Raising Self-Esteem

self-esteem
Happiness and contentment are virtually impossible without a healthy self-esteem

The following behaviours are related to low self-esteem:

  • Excessive self-criticism
  • Poor self-image
  • Perfectionism
  • You are always comparing yourself to others
  • You handle mistakes badly
  • You struggle to say no or ask for what you want
  • You live by a strict rule-book filled with ‘shoulds’
  • You are addicted to the approval of others
  • Constant guilt and shame cause you great anxiety
  • You are often angry and/or display a hostile attitude

If you would like a healthy self-esteem, counselling can help.

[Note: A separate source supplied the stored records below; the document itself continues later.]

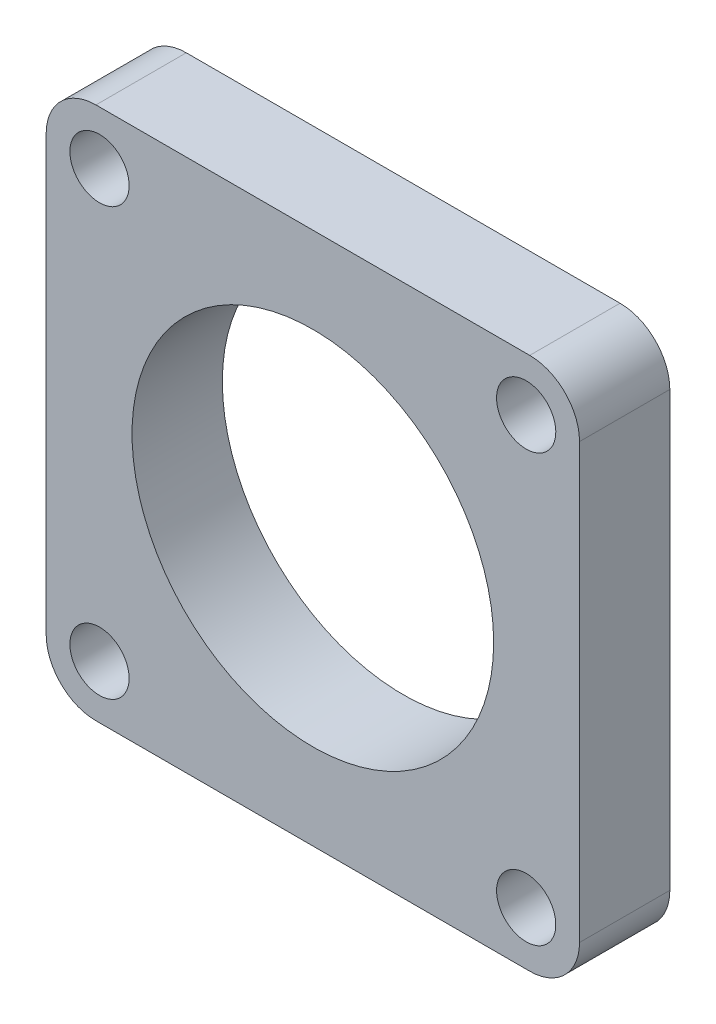
ISO-10303-21;
HEADER;
FILE_DESCRIPTION(('STEP AP214'),'2;1');
FILE_NAME('part.step','',(''),(''),'','','');
FILE_SCHEMA(('AUTOMOTIVE_DESIGN { 1 0 10303 214 1 1 1 1 }'));
ENDSEC;
DATA;
#1=APPLICATION_CONTEXT('core data for automotive mechanical design processes');
#2=APPLICATION_PROTOCOL_DEFINITION('international standard','automotive_design',2000,#1);
#3=PRODUCT_CONTEXT('',#1,'mechanical');
#4=PRODUCT('Part','Part','',(#3));
#5=PRODUCT_RELATED_PRODUCT_CATEGORY('part','',(#4));
#6=PRODUCT_DEFINITION_FORMATION('','',#4);
#7=PRODUCT_DEFINITION_CONTEXT('part definition',#1,'design');
#8=PRODUCT_DEFINITION('design','',#6,#7);
#9=PRODUCT_DEFINITION_SHAPE('','',#8);
#10=(LENGTH_UNIT() NAMED_UNIT(*) SI_UNIT(.MILLI.,.METRE.));
#11=(NAMED_UNIT(*) PLANE_ANGLE_UNIT() SI_UNIT($,.RADIAN.));
#12=(NAMED_UNIT(*) SI_UNIT($,.STERADIAN.) SOLID_ANGLE_UNIT());
#13=UNCERTAINTY_MEASURE_WITH_UNIT(LENGTH_MEASURE(1.E-05),#10,'distance_accuracy_value','');
#14=(GEOMETRIC_REPRESENTATION_CONTEXT(3) GLOBAL_UNCERTAINTY_ASSIGNED_CONTEXT((#13)) GLOBAL_UNIT_ASSIGNED_CONTEXT((#10,
#11,#12)) REPRESENTATION_CONTEXT('',''));
#15=CARTESIAN_POINT('',(0.,0.,0.));
#16=DIRECTION('',(0.,0.,1.));
#17=DIRECTION('',(1.,0.,0.));
#18=AXIS2_PLACEMENT_3D('',#15,#16,#17);
#19=CARTESIAN_POINT('',(37.5,-37.5,12.7));
#20=DIRECTION('',(-1.,0.,0.));
#21=DIRECTION('',(0.,0.,1.));
#22=AXIS2_PLACEMENT_3D('',#19,#20,#21);
#23=PLANE('',#22);
#24=DIRECTION('',(0.,1.,0.));
#25=VECTOR('',#24,1.);
#26=CARTESIAN_POINT('',(37.5,-37.5,12.7));
#27=LINE('',#26,#25);
#28=CARTESIAN_POINT('',(37.5,-30.5,12.7));
#29=VERTEX_POINT('',#28);
#30=CARTESIAN_POINT('',(37.5,30.5,12.7));
#31=VERTEX_POINT('',#30);
#32=EDGE_CURVE('E151',#29,#31,#27,.T.);
#33=ORIENTED_EDGE('',*,*,#32,.F.);
#34=DIRECTION('',(0.,0.,-1.));
#35=VECTOR('',#34,1.);
#36=CARTESIAN_POINT('',(37.5,-30.5,12.7));
#37=LINE('',#36,#35);
#38=CARTESIAN_POINT('',(37.5,-30.5,0.));
#39=VERTEX_POINT('',#38);
#40=EDGE_CURVE('E190',#29,#39,#37,.T.);
#41=ORIENTED_EDGE('',*,*,#40,.T.);
#42=DIRECTION('',(0.,1.,0.));
#43=VECTOR('',#42,1.);
#44=CARTESIAN_POINT('',(37.5,-37.5,0.));
#45=LINE('',#44,#43);
#46=CARTESIAN_POINT('',(37.5,30.5,0.));
#47=VERTEX_POINT('',#46);
#48=EDGE_CURVE('E201',#39,#47,#45,.T.);
#49=ORIENTED_EDGE('',*,*,#48,.T.);
#50=DIRECTION('',(0.,0.,-1.));
#51=VECTOR('',#50,1.);
#52=CARTESIAN_POINT('',(37.5,30.5,12.7));
#53=LINE('',#52,#51);
#54=EDGE_CURVE('E187',#47,#31,#53,.F.);
#55=ORIENTED_EDGE('',*,*,#54,.T.);
#56=EDGE_LOOP('',(#33,#41,#49,#55));
#57=FACE_BOUND('',#56,.T.);
#58=ADVANCED_FACE('F40',(#57),#23,.F.);
#59=CARTESIAN_POINT('',(-37.5,37.5,12.7));
#60=DIRECTION('',(0.,-1.,0.));
#61=DIRECTION('',(0.,0.,-1.));
#62=AXIS2_PLACEMENT_3D('',#59,#60,#61);
#63=PLANE('',#62);
#64=DIRECTION('',(-1.,0.,0.));
#65=VECTOR('',#64,1.);
#66=CARTESIAN_POINT('',(-37.5,37.5,0.));
#67=LINE('',#66,#65);
#68=CARTESIAN_POINT('',(30.5,37.5,0.));
#69=VERTEX_POINT('',#68);
#70=CARTESIAN_POINT('',(-30.5,37.5,0.));
#71=VERTEX_POINT('',#70);
#72=EDGE_CURVE('E159',#69,#71,#67,.T.);
#73=ORIENTED_EDGE('',*,*,#72,.T.);
#74=DIRECTION('',(0.,0.,-1.));
#75=VECTOR('',#74,1.);
#76=CARTESIAN_POINT('',(-30.5,37.5,12.7));
#77=LINE('',#76,#75);
#78=CARTESIAN_POINT('',(-30.5,37.5,12.7));
#79=VERTEX_POINT('',#78);
#80=EDGE_CURVE('E11',#71,#79,#77,.F.);
#81=ORIENTED_EDGE('',*,*,#80,.T.);
#82=DIRECTION('',(-1.,0.,0.));
#83=VECTOR('',#82,1.);
#84=CARTESIAN_POINT('',(-37.5,37.5,12.7));
#85=LINE('',#84,#83);
#86=CARTESIAN_POINT('',(30.5,37.5,12.7));
#87=VERTEX_POINT('',#86);
#88=EDGE_CURVE('E156',#87,#79,#85,.T.);
#89=ORIENTED_EDGE('',*,*,#88,.F.);
#90=DIRECTION('',(0.,0.,-1.));
#91=VECTOR('',#90,1.);
#92=CARTESIAN_POINT('',(30.5,37.5,12.7));
#93=LINE('',#92,#91);
#94=EDGE_CURVE('E49',#87,#69,#93,.T.);
#95=ORIENTED_EDGE('',*,*,#94,.T.);
#96=EDGE_LOOP('',(#73,#81,#89,#95));
#97=FACE_BOUND('',#96,.T.);
#98=ADVANCED_FACE('F197',(#97),#63,.F.);
#99=CARTESIAN_POINT('',(-37.5,-37.5,12.7));
#100=DIRECTION('',(1.,0.,0.));
#101=DIRECTION('',(0.,0.,-1.));
#102=AXIS2_PLACEMENT_3D('',#99,#100,#101);
#103=PLANE('',#102);
#104=DIRECTION('',(0.,-1.,0.));
#105=VECTOR('',#104,1.);
#106=CARTESIAN_POINT('',(-37.5,-37.5,0.));
#107=LINE('',#106,#105);
#108=CARTESIAN_POINT('',(-37.5,30.5,0.));
#109=VERTEX_POINT('',#108);
#110=CARTESIAN_POINT('',(-37.5,-30.5,0.));
#111=VERTEX_POINT('',#110);
#112=EDGE_CURVE('E152',#109,#111,#107,.T.);
#113=ORIENTED_EDGE('',*,*,#112,.T.);
#114=DIRECTION('',(0.,0.,-1.));
#115=VECTOR('',#114,1.);
#116=CARTESIAN_POINT('',(-37.5,-30.5,12.7));
#117=LINE('',#116,#115);
#118=CARTESIAN_POINT('',(-37.5,-30.5,12.7));
#119=VERTEX_POINT('',#118);
#120=EDGE_CURVE('E127',#111,#119,#117,.F.);
#121=ORIENTED_EDGE('',*,*,#120,.T.);
#122=DIRECTION('',(0.,-1.,0.));
#123=VECTOR('',#122,1.);
#124=CARTESIAN_POINT('',(-37.5,-37.5,12.7));
#125=LINE('',#124,#123);
#126=CARTESIAN_POINT('',(-37.5,30.5,12.7));
#127=VERTEX_POINT('',#126);
#128=EDGE_CURVE('E210',#127,#119,#125,.T.);
#129=ORIENTED_EDGE('',*,*,#128,.F.);
#130=DIRECTION('',(0.,0.,-1.));
#131=VECTOR('',#130,1.);
#132=CARTESIAN_POINT('',(-37.5,30.5,12.7));
#133=LINE('',#132,#131);
#134=EDGE_CURVE('E133',#127,#109,#133,.T.);
#135=ORIENTED_EDGE('',*,*,#134,.T.);
#136=EDGE_LOOP('',(#113,#121,#129,#135));
#137=FACE_BOUND('',#136,.T.);
#138=ADVANCED_FACE('F271',(#137),#103,.F.);
#139=CARTESIAN_POINT('',(-37.5,-37.5,12.7));
#140=DIRECTION('',(0.,1.,0.));
#141=DIRECTION('',(0.,0.,1.));
#142=AXIS2_PLACEMENT_3D('',#139,#140,#141);
#143=PLANE('',#142);
#144=DIRECTION('',(1.,0.,0.));
#145=VECTOR('',#144,1.);
#146=CARTESIAN_POINT('',(-37.5,-37.5,12.7));
#147=LINE('',#146,#145);
#148=CARTESIAN_POINT('',(-30.5,-37.5,12.7));
#149=VERTEX_POINT('',#148);
#150=CARTESIAN_POINT('',(30.5,-37.5,12.7));
#151=VERTEX_POINT('',#150);
#152=EDGE_CURVE('E143',#149,#151,#147,.T.);
#153=ORIENTED_EDGE('',*,*,#152,.F.);
#154=DIRECTION('',(0.,0.,-1.));
#155=VECTOR('',#154,1.);
#156=CARTESIAN_POINT('',(-30.5,-37.5,12.7));
#157=LINE('',#156,#155);
#158=CARTESIAN_POINT('',(-30.5,-37.5,0.));
#159=VERTEX_POINT('',#158);
#160=EDGE_CURVE('E126',#149,#159,#157,.T.);
#161=ORIENTED_EDGE('',*,*,#160,.T.);
#162=DIRECTION('',(1.,0.,0.));
#163=VECTOR('',#162,1.);
#164=CARTESIAN_POINT('',(-37.5,-37.5,0.));
#165=LINE('',#164,#163);
#166=CARTESIAN_POINT('',(30.5,-37.5,0.));
#167=VERTEX_POINT('',#166);
#168=EDGE_CURVE('E140',#159,#167,#165,.T.);
#169=ORIENTED_EDGE('',*,*,#168,.T.);
#170=DIRECTION('',(0.,0.,-1.));
#171=VECTOR('',#170,1.);
#172=CARTESIAN_POINT('',(30.5,-37.5,12.7));
#173=LINE('',#172,#171);
#174=EDGE_CURVE('E146',#167,#151,#173,.F.);
#175=ORIENTED_EDGE('',*,*,#174,.T.);
#176=EDGE_LOOP('',(#153,#161,#169,#175));
#177=FACE_BOUND('',#176,.T.);
#178=ADVANCED_FACE('F139',(#177),#143,.F.);
#179=CARTESIAN_POINT('',(0.,0.,12.7));
#180=DIRECTION('',(0.,0.,-1.));
#181=DIRECTION('',(-1.,0.,0.));
#182=AXIS2_PLACEMENT_3D('',#179,#180,#181);
#183=PLANE('',#182);
#184=CARTESIAN_POINT('',(30.0000000000001,29.9999999999999,12.7));
#185=DIRECTION('',(0.,0.,1.));
#186=DIRECTION('',(0.,-1.,0.));
#187=AXIS2_PLACEMENT_3D('',#184,#185,#186);
#188=CIRCLE('',#187,4.165);
#189=CARTESIAN_POINT('',(30.0000000000001,25.8349999999999,12.7));
#190=VERTEX_POINT('',#189);
#191=EDGE_CURVE('E227',#190,#190,#188,.T.);
#192=ORIENTED_EDGE('',*,*,#191,.F.);
#193=EDGE_LOOP('',(#192));
#194=FACE_BOUND('',#193,.T.);
#195=CARTESIAN_POINT('',(30.,-30.,12.7));
#196=DIRECTION('',(0.,0.,1.));
#197=DIRECTION('',(-1.,0.,0.));
#198=AXIS2_PLACEMENT_3D('',#195,#196,#197);
#199=CIRCLE('',#198,4.165);
#200=CARTESIAN_POINT('',(25.835,-30.,12.7));
#201=VERTEX_POINT('',#200);
#202=EDGE_CURVE('E243',#201,#201,#199,.T.);
#203=ORIENTED_EDGE('',*,*,#202,.F.);
#204=EDGE_LOOP('',(#203));
#205=FACE_BOUND('',#204,.T.);
#206=CARTESIAN_POINT('',(-30.0000000000003,-29.9999999999997,12.7));
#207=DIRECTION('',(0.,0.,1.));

Contact us to book a free 30-minute consultation call to find out how to raise self-esteem with CBT and Attachment-Focused EMDR.

 

Why can’t I accept who I am?

Having low self-esteem is like a never-ending self-sabotage. While being aware of your weaknesses gives you a good sense of whom you can and cannot be, nurturing negative thoughts about yourself is soul destroying.

Happiness and contentment are virtually impossible without a healthy self-esteem. It becomes very difficult to attain personal or professional fulfilment when you are unable to recognise the merit of who you are and what you do. Low self-esteem makes everything pointless. It feels as if you were at the service of something much bigger than yourself, something you can never satisfy. It makes you feel as if the true you did not count.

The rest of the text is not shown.